Virgin Orbit chief engineer Kevin Sagis has been working on Virgin projects leading up to Cosmic Girl’s modifications for about five years, he said. He was one of the project’s first five team members, and said the project subsequently involved the work of some 300 people in laboring over the course of three years.

 

 

LauncherOne is still in development. The two-stage rocket is designed to be nearly 70 feet long and to weigh about 55,000 pounds when carrying a full load of fuel and its payload. A launch could cost customers $10 million to $12 million.

For comparison, Hawthorne’s Space Exploration Technologies, Inc., advertises a $62 million price for a launch on board its Falcon 9 rocket. Virgin Orbit’s plan is to serve customers using smaller satellites at lower orbits than SpaceX’s clients.

About 80 percent of Cosmic Girl’s upgrades involved mechanical changes enabling the jet to carry LauncherOne, Sagis said. The remainder of the work involved changes to its electrical and fuel systems.

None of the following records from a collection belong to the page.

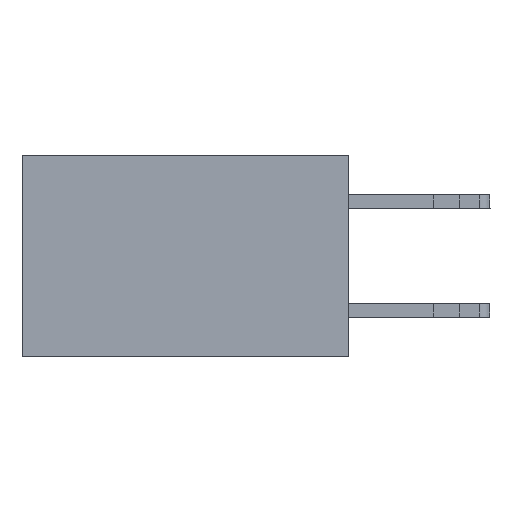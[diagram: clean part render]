
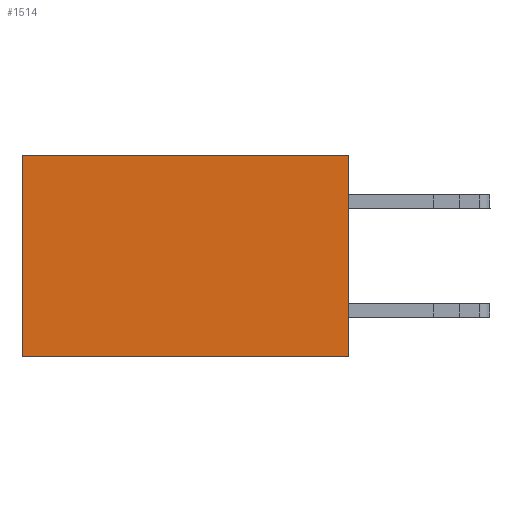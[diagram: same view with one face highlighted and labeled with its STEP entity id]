
A CAD part, left-side view. The second image highlights one B-rep face of the part: STEP entity #1514.
In plain terms, the highlighted planar face has unit normal (-1, 0, 0).
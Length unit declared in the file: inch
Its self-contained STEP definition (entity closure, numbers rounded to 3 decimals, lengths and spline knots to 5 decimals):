
#12 = DIRECTION ( 'NONE',  ( 0., 1., 0. ) ) ;
#798 = CARTESIAN_POINT ( 'NONE',  ( 0.2615, 0.6, 0. ) ) ;
#801 = LINE ( 'NONE', #8086, #12835 ) ;
#832 = EDGE_CURVE ( 'NONE', #13188, #3849, #11467, .T. ) ;
#1204 = LINE ( 'NONE', #4349, #9896 ) ;
#1514 = ADVANCED_FACE ( 'NONE', ( #5665 ), #8897, .F. ) ;
#1532 = DIRECTION ( 'NONE',  ( 1., 0., 0. ) ) ;
#1627 = VECTOR ( 'NONE', #3259, 39.37008 ) ;
#1852 = DIRECTION ( 'NONE',  ( 0., 0., -1. ) ) ;
#2537 = CARTESIAN_POINT ( 'NONE',  ( 0.2615, 0., 0. ) ) ;
#3259 = DIRECTION ( 'NONE',  ( 0., 1., 0. ) ) ;
#3324 = EDGE_LOOP ( 'NONE', ( #13313, #6048, #11517, #9472 ) ) ;
#3849 = VERTEX_POINT ( 'NONE', #10115 ) ;
#3891 = CARTESIAN_POINT ( 'NONE',  ( 0.2615, 0.6, -0.37 ) ) ;
#4240 = AXIS2_PLACEMENT_3D ( 'NONE', #11356, #1532, #7908 ) ;
#4349 = CARTESIAN_POINT ( 'NONE',  ( 0.2615, 0., -0.37 ) ) ;
#4898 = EDGE_CURVE ( 'NONE', #8132, #3849, #1204, .T. ) ;
#5118 = VERTEX_POINT ( 'NONE', #2537 ) ;
#5143 = DIRECTION ( 'NONE',  ( 0., 0., -1. ) ) ;
#5665 = FACE_OUTER_BOUND ( 'NONE', #3324, .T. ) ;
#6048 = ORIENTED_EDGE ( 'NONE', *, *, #4898, .F. ) ;
#7488 = EDGE_CURVE ( 'NONE', #5118, #8132, #801, .T. ) ;
#7582 = CARTESIAN_POINT ( 'NONE',  ( 0.2615, 0., 0. ) ) ;
#7908 = DIRECTION ( 'NONE',  ( 0., 0., -1. ) ) ;
#8086 = CARTESIAN_POINT ( 'NONE',  ( 0.2615, 0., -0.37 ) ) ;
#8132 = VERTEX_POINT ( 'NONE', #10730 ) ;
#8897 = PLANE ( 'NONE',  #4240 ) ;
#9472 = ORIENTED_EDGE ( 'NONE', *, *, #12859, .T. ) ;
#9648 = LINE ( 'NONE', #7582, #1627 ) ;
#9896 = VECTOR ( 'NONE', #12, 39.37008 ) ;
#10115 = CARTESIAN_POINT ( 'NONE',  ( 0.2615, 0.6, -0.37 ) ) ;
#10730 = CARTESIAN_POINT ( 'NONE',  ( 0.2615, 0., -0.37 ) ) ;
#11356 = CARTESIAN_POINT ( 'NONE',  ( 0.2615, 0., -0.37 ) ) ;
#11406 = VECTOR ( 'NONE', #1852, 39.37008 ) ;
#11467 = LINE ( 'NONE', #3891, #11406 ) ;
#11517 = ORIENTED_EDGE ( 'NONE', *, *, #7488, .F. ) ;
#12835 = VECTOR ( 'NONE', #5143, 39.37008 ) ;
#12859 = EDGE_CURVE ( 'NONE', #5118, #13188, #9648, .T. ) ;
#13188 = VERTEX_POINT ( 'NONE', #798 ) ;
#13313 = ORIENTED_EDGE ( 'NONE', *, *, #832, .T. ) ;

Sagis is hopeful the Cosmic Girl and LauncherOne technologies will lead to applications that improve the lives of human beings on earth. He said he looks forward to companies being able to hire Virgin Orbit to launch satellites that may improve communications networks or weather forecasting.

“The reason I came here is I got the opportunity to come in on the ground floor of a very exciting project,” he said.

LauncherOne is not yet operational and was not on display Monday afternoon. Hart said in an interview that he expects LauncherOne to be ready for missions by early 2018.

 

 

Although Virgin Orbit has not announced a possible date for LauncherOne’s first mission, the company has already disclosed a few prospective customers before getting its own name.

In June 2015, Virgin Galactic announced plans for 39 satellite launches for OneWeb, a venture that has declared plans to deploy a “constellation” of communications satellites in an attempt to make high-speed Internet services available to areas on the planet where online access is presently difficult. Virgin Group founder Richard Branson is a member of OneWeb’s board of directors.

 

 

Another announcement in October 2015 told of a $4.7 million agreement with NASA for a test launch involving multiple satellites. Virgin Galactic reported in September of last year that Australian communications firm Sky and Space Global had contracted for a quartet of LauncherOne missions.